> **What is required**
For the string "centre", find every matching line in the records and copy it.

──────── Extracted entries

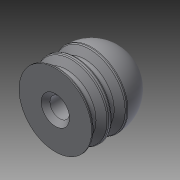
# Autodesk Inventor part: VertebraeSimple
Saved by Autodesk Inventor 2014 SP1 (Build 180222100, 222)
## iProperties
Created: 2014-11-10
Part Number: VertebraeSimple
Material: Generic
Document SubType Name: Modeling
Designer: rawrdong
Density: 1 g/cm^3
Appearance: Default
Author: rawrdong
Autodesk Inventor part; units mm, degrees
ref_plane "YZ Plane" through (0, 0, 0) normal (1, 0, 0) x (0, 1, 0)
ref_plane "XZ Plane" through (0, 0, 0) normal (0, 1, 0) x (-1, 0, 0)
ref_plane "XY Plane" through (0, 0, 0) normal (0, 0, 1) x (1, 0, 0)
sketch "Sketch1" plane through (0, 0, 0) normal (0, 0, 1) x (1, 0, 0)
  arc A0 (12.5, 0) -> (3.375, 12.0358) centre (0, 0) ccw
  line L0 (12.5, 0) -> (3.375, 0) construction
  line L1 (3.375, 0) -> (3.375, 12.0358)
  line L2 (0, -17.714) -> (0, 18.7837) construction
  line L3 (3.375, 0) -> (3.375, -12.5)
  line L4 (3.375, -12.5) -> (12.5, -12.5)
  line L5 (12.5, -11.8981) -> (8.8966, -9.375)
  line L6 (8.8966, -9.375) -> (12.5, -6.8519)
  line L7 (3.375, -6.25) -> (12.5, -6.25)
  line L8 (12.5, -0.6019) -> (8.8966, -3.125)
  line L9 (8.8966, -3.125) -> (12.5, -5.6481)
  line L10 (12.5, -12.5) -> (12.5, -11.8981)
  line L11 (12.5, -6.8519) -> (12.5, -5.6481)
  line L12 (12.5, -0.6019) -> (12.5, 0)
  line L13 (8.8966, -9.375) -> (8.8966, -6.25) construction
  line L14 (8.8966, -9.375) -> (8.8966, -12.5) construction
  dimension "d1" = 3.375
  dimension "d6" = 12.5
  dimension "d7" = 12.5
  dimension "d9" = 35
  dimension "d10" = 35
  constraints: 28 end point, 5 parallel, 4 symmetric about line, 3 coincident, 3 perpendicular, 3 point on line, 3 tangent, 2 midpoint, 2 point on circle, 1 centre point, 1 collinear, 1 horizontal, 2 other
  measures "d1" distance between parallel lines of L1 L2
  measures "d6" radius of A0
  measures "d7" distance of L4.end L0.start
  measures "d9" angle of L4 L5
  measures "d10" angle of L0 L6
revolve "Revolution1" add sketch "Sketch1" angle 360 about axis through (0, -10, 0) along (0, 1, 0)
chamfer "Chamfer1" distance 1.5 angle 45 1 edges at (-3.375, -12.5, 0)
fillet "Fillet1" radius 1.5 1 edges at (-3.375, 12.0358, 0)
fillet "Fillet2" radius 1 2 edges at (-8.8966, -3.125, 0) (-8.8966, -9.375, 0)
fillet "Fillet3" radius 0.5 4 edges at (-12.5, -0.6019, 0) (-12.5, -5.6481, 0) (-12.5, -6.8519, 0) (-12.5, -11.8981, 0)
body "Solid1"

────────────────

> **Answer for this exercise**
  arc A0 (12.5, 0) -> (3.375, 12.0358) centre (0, 0) ccw
  constraints: 28 end point, 5 parallel, 4 symmetric about line, 3 coincident, 3 perpendicular, 3 point on line, 3 tangent, 2 midpoint, 2 point on circle, 1 centre point, 1 collinear, 1 horizontal, 2 other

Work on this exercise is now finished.